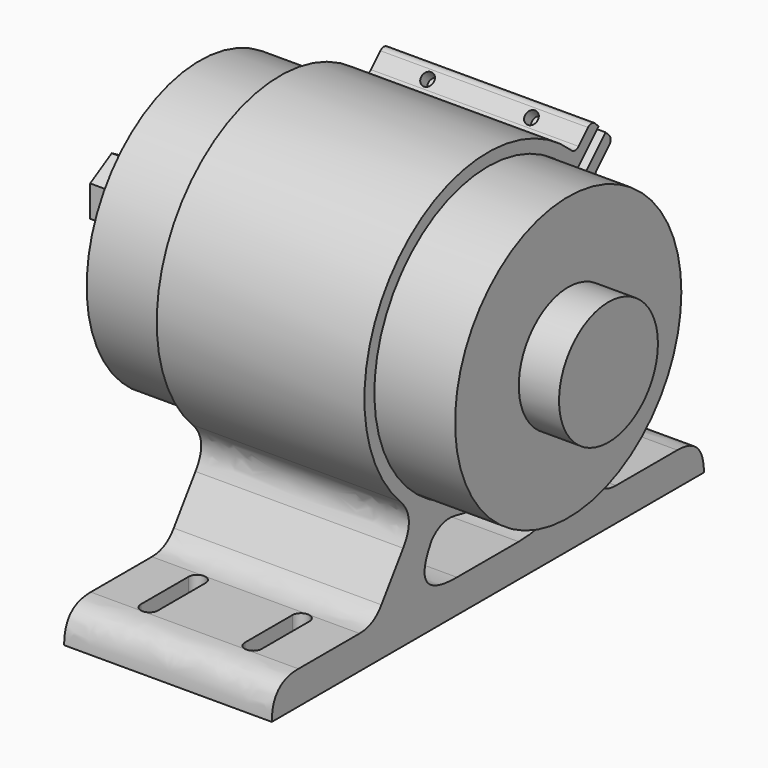
from build123d import *

# Parameters (mm, degrees)
F0_R         = 34.05
F1_DEPTH     = 44.35
F2_R         = 14.875
F3_DEPTH     = 9.7
F4_R         = 6
F5_DEPTH     = 9.55
F6_R         = 12.5
F7_DEPTH     = 2.8
F9_DEPTH     = 8.85
F10_DEPTH    = 25
F11_T1_DEPTH = 50
F11_T3_DEPTH = 90
F13_DEPTH    = 8.0010001
F14_R        = 1.55
F15_DEPTH    = 86.3860158555
F16_R        = 1.5


# Not quite as in the source:
# - a fillet or chamfer that OpenCascade refuses, or shapes differently, is made with other operations: its cross-section is extruded or revolved along the edge and cut away or added


with BuildPart() as f1:
    # F0 (on Right) → F1 (new body, symmetric)
    with BuildSketch(Plane.YZ):
        Circle(F0_R)
    extrude(amount=F1_DEPTH, both=True)

    # F2 (on face) → F3 (join)
    with BuildSketch(Plane.YZ.offset(44.35)):
        Circle(F2_R)
    extrude(amount=F3_DEPTH)

    # F4 (on face) → F5 (join)
    with BuildSketch(Plane(origin=(-44.35, 0, 0), x_dir=(0, -1, 0), z_dir=(-1, 0, 0))):
        Circle(F4_R)
    extrude(amount=F5_DEPTH)


with BuildPart() as f7:
    # F6 (on face) → F7 (new body)
    with BuildSketch(Plane(origin=(-53.9, 0, 0), x_dir=(0, -1, 0), z_dir=(-1, 0, 0))):
        Circle(F6_R)
    extrude(amount=F7_DEPTH)


with BuildPart() as f9:
    # F8 (on face) → F9 (new body)
    with BuildSketch(Plane(origin=(-56.7, 0, 0), x_dir=(0, -1, 0), z_dir=(-1, 0, 0))):
        Polygon((6.5, 3.7527767497), (0, 7.5055534995), (-6.5, 3.7527767497), (-6.5, -3.7527767497), (0, -7.5055534995), (6.5, -3.7527767497), align=None)
    extrude(amount=F9_DEPTH)


with BuildPart() as f10:
    # F0 (on Right) → F10 (new body, symmetric)
    with BuildSketch(Plane.YZ):
        with BuildLine():
            ThreePointArc((28.0146918209, 19.5294531972), (-27.1218147701, -20.7516183363), (26.1756598689, 21.9330191818))
            Line((26.1756598689, 21.9330191818), (33.3400847329, 29.0974440458))
            Line((33.3400847329, 29.0974440458), (31.2187643894, 31.2187643894))
            Line((31.2187643894, 31.2187643894), (26.2690169211, 26.2690169211))
            ThreePointArc((26.2690169211, 26.2690169211), (-28.4585510619, 23.8795596999), (-21.3083646104, -30.4314984453))
            Line((-21.3083646104, -30.4314984453), (-34.415200503, -49.15))
            Line((-34.415200503, -49.15), (-65.0168608087, -49.15))
            Line((-65.0168608087, -49.15), (-65.0168608087, -57.15))
            Line((-65.0168608087, -57.15), (-40.0168608087, -57.15))
            Line((-40.0168608087, -57.15), (40.0168608087, -57.15))
            Line((40.0168608087, -57.15), (65.0168608087, -57.15))
            Line((65.0168608087, -57.15), (65.0168608087, -49.15))
            Line((65.0168608087, -49.15), (34.415200503, -49.15))
            Line((34.415200503, -49.15), (21.3083646104, -30.4314984453))
            ThreePointArc((21.3083646104, -30.4314984453), (36.3368391247, -7.7302407742), (31.8504204749, 19.1225839147))
            Line((31.8504204749, 19.1225839147), (37.5636367015, 24.8358001413))
            Line((37.5636367015, 24.8358001413), (35.4518607172, 26.9666220935))
            Line((35.4518607172, 26.9666220935), (28.0146918209, 19.5294531972))
        make_face()
        with BuildLine():
            Line((14.2552205634, -34.3061391982), (24.6490037929, -49.15))
            Line((24.6490037929, -49.15), (-24.6490037929, -49.15))
            Line((-24.6490037929, -49.15), (-14.2552205634, -34.3061391982))
            ThreePointArc((-14.2552205634, -34.3061391982), (0, -37.15), (14.2552205634, -34.3061391982))
        make_face(mode=Mode.SUBTRACT)
    extrude(amount=F10_DEPTH, both=True)

    # F11: fillet of radius 8 on 10 edges, made by hand

    # F11_s2 → F11_t1 (join)
    with BuildSketch(Plane.YZ.offset(-25)):
        with BuildLine():
            add(Edge.make_bspline(
                [(32.0265205531, -45.7386114908), (34.415200503, -49.15), (38.5797369074, -49.15)],
                knots=[0, 0, 0, 1, 1, 1], degree=2, weights=[1, 1, 1]))
            Line((38.5797369074, -49.15), (34.415200503, -49.15))
            Line((34.415200503, -49.15), (32.0265205531, -45.7386114908))
        make_face()
        with BuildLine():
            add(Edge.make_bspline(
                [(-38.5797369074, -49.15), (-34.415200503, -49.15), (-32.0265205531, -45.7386114908)],
                knots=[0, 0, 0, 1, 1, 1], degree=2, weights=[1, 1, 1]))
            Line((-32.0265205531, -45.7386114908), (-34.415200503, -49.15))
            Line((-34.415200503, -49.15), (-38.5797369074, -49.15))
        make_face()
        with BuildLine():
            add(Edge.make_bspline(
                [(-25.4872127895, -36.3995121427), (-21.650943696, -30.9207520836), (-26.363276693, -26.1744177014)],
                knots=[0, 0, 0, 1, 1, 1], degree=2, weights=[1, 1, 1]))
            ThreePointArc((-26.363276693, -26.1744177014), (-23.930671329, -28.4155849798), (-21.3083646104, -30.4314984453))
            Line((-21.3083646104, -30.4314984453), (-25.4872127895, -36.3995121427))
        make_face()
        with BuildLine():
            add(Edge.make_bspline(
                [(-15.8343631315, -36.5613885092), (-24.6490037929, -49.15), (-9.2811467771, -49.15)],
                knots=[0, 0, 0, 1, 1, 1], degree=2, weights=[1, 1, 1]))
            Line((-9.2811467771, -49.15), (-24.6490037929, -49.15))
            Line((-24.6490037929, -49.15), (-15.8343631315, -36.5613885092))
        make_face()
        with BuildLine():
            add(Edge.make_bspline(
                [(9.2811467771, -49.15), (24.6490037929, -49.15), (15.8343631315, -36.5613885092)],
                knots=[0, 0, 0, 1, 1, 1], degree=2, weights=[1, 1, 1]))
            Line((15.8343631315, -36.5613885092), (24.6490037929, -49.15))
            Line((24.6490037929, -49.15), (9.2811467771, -49.15))
        make_face()
        with BuildLine():
            add(Edge.make_bspline(
                [(17.6631407114, -39.1731535648), (14.4950155025, -34.6486018625), (9.1413884799, -36.0077424544)],
                knots=[0, 0, 0, 1, 1, 1], degree=2, weights=[1, 1, 1]))
            ThreePointArc((9.1413884799, -36.0077424544), (11.7292025343, -35.2497986932), (14.2552205634, -34.3061391982))
            Line((14.2552205634, -34.3061391982), (17.6631407114, -39.1731535648))
        make_face()
        with BuildLine():
            add(Edge.make_bspline(
                [(26.363276693, -26.1744177014), (21.650943696, -30.9207520836), (25.4872127895, -36.3995121427)],
                knots=[0, 0, 0, 1, 1, 1], degree=2, weights=[1, 1, 1]))
            Line((25.4872127895, -36.3995121427), (21.3083646104, -30.4314984453))
            ThreePointArc((21.3083646104, -30.4314984453), (23.930671329, -28.4155849798), (26.363276693, -26.1744177014))
        make_face()
        with BuildLine():
            add(Edge.make_bspline(
                [(-17.6631407114, -39.1731535648), (-14.4950155025, -34.6486018625), (-9.1413884799, -36.0077424544)],
                knots=[0, 0, 0, 1, 1, 1], degree=2, weights=[1, 1, 1]))
            ThreePointArc((-9.1413884799, -36.0077424544), (-11.7292025343, -35.2497986932), (-14.2552205634, -34.3061391982))
            Line((-14.2552205634, -34.3061391982), (-17.6631407114, -39.1731535648))
        make_face()
    extrude(amount=F11_T1_DEPTH)

    # F11_s4 → F11_t3 (cut)
    with BuildSketch(Plane.YZ.offset(-45)):
        with BuildLine():
            add(Edge.make_bspline(
                [(-57.0168608087, -49.15), (-65.0168608087, -49.15), (-65.0168608087, -57.15)],
                knots=[0, 0, 0, 1, 1, 1], degree=2, weights=[1, 1, 1]))
            Line((-65.0168608087, -57.15), (-65.0168608087, -49.15))
            Line((-65.0168608087, -49.15), (-57.0168608087, -49.15))
        make_face()
        with BuildLine():
            add(Edge.make_bspline(
                [(65.0168608087, -57.15), (65.0168608087, -49.15), (57.0168608087, -49.15)],
                knots=[0, 0, 0, 1, 1, 1], degree=2, weights=[1, 1, 1]))
            Line((57.0168608087, -49.15), (65.0168608087, -49.15))
            Line((65.0168608087, -49.15), (65.0168608087, -57.15))
        make_face()
    extrude(amount=F11_T3_DEPTH, mode=Mode.SUBTRACT)

    # F12 (on face) → F13 (cut, through all)
    with BuildSketch(Plane.XY.offset(-49.15)):
        with BuildLine():
            ThreePointArc((-10.45, 54.9668608087), (-11.0504310986, 56.4164297101), (-12.5, 57.0168608087))
            ThreePointArc((-12.5, 57.0168608087), (-13.9495689014, 56.4164297101), (-14.55, 54.9668608087))
            Line((-14.55, 54.9668608087), (-14.55, 40.6297369074))
            ThreePointArc((-14.55, 40.6297369074), (-13.9495689014, 39.180168006), (-12.5, 38.5797369074))
            ThreePointArc((-12.5, 38.5797369074), (-11.0504310986, 39.180168006), (-10.45, 40.6297369074))
            Line((-10.45, 40.6297369074), (-10.45, 54.9668608087))
        make_face()
        with BuildLine():
            ThreePointArc((14.55, 54.9668608087), (13.9495689014, 56.4164297101), (12.5, 57.0168608087))
            ThreePointArc((12.5, 57.0168608087), (11.0504310986, 56.4164297101), (10.45, 54.9668608087))
            Line((10.45, 54.9668608087), (10.45, 40.6297369074))
            ThreePointArc((10.45, 40.6297369074), (11.0504310986, 39.180168006), (12.5, 38.5797369074))
            ThreePointArc((12.5, 38.5797369074), (13.9495689014, 39.180168006), (14.55, 40.6297369074))
            Line((14.55, 40.6297369074), (14.55, 54.9668608087))
        make_face()
        with BuildLine():
            Line((14.55, -54.9668608087), (14.55, -40.6297369074))
            ThreePointArc((14.55, -40.6297369074), (12.5, -38.5797369074), (10.45, -40.6297369074))
            Line((10.45, -40.6297369074), (10.45, -54.9668608087))
            ThreePointArc((10.45, -54.9668608087), (12.5, -57.0168608087), (14.55, -54.9668608087))
        make_face()
        with BuildLine():
            Line((-10.45, -54.9668608087), (-10.45, -40.6297369074))
            ThreePointArc((-10.45, -40.6297369074), (-12.5, -38.5797369074), (-14.55, -40.6297369074))
            Line((-14.55, -40.6297369074), (-14.55, -54.9668608087))
            ThreePointArc((-14.55, -54.9668608087), (-12.5, -57.0168608087), (-10.45, -54.9668608087))
        make_face()
    extrude(amount=-F13_DEPTH, mode=Mode.SUBTRACT)

    # F14 (on face) → F15 (cut, through all)
    with BuildSketch(Plane(origin=(0, 0, 0), x_dir=(1, 0, 0), z_dir=(0, -0.7071067812, 0.7071067812))):
        with Locations((-12.5, 40.65)):
            Circle(F14_R)
        with Locations((12.5, 40.65)):
            Circle(F14_R)
    extrude(amount=-F15_DEPTH, mode=Mode.SUBTRACT)

    # F16
    f16_edges = [f10.edges().sort_by_distance(p)[0] for p in [
        (0, 31.218764, 31.218764),
        (0, 37.563637, 24.8358),
        (0, 31.85042, 19.122584),
        (0, 26.269017, 26.269017),
    ]]
    fillet(f16_edges, radius=F16_R)


solid = Compound([f1.part, f7.part, f9.part, f10.part])

EXERCISE REQUIREMENTS — Only lines of the data holding the word "fillet" go in the answer. Please copy each of them.

RESULT OF THE EXERCISE —
# - a fillet or chamfer that OpenCascade refuses, or shapes differently, is made with other operations: its cross-section is extruded or revolved along the edge and cut away or added
    # F11: fillet of radius 8 on 10 edges, made by hand
    fillet(f16_edges, radius=F16_R)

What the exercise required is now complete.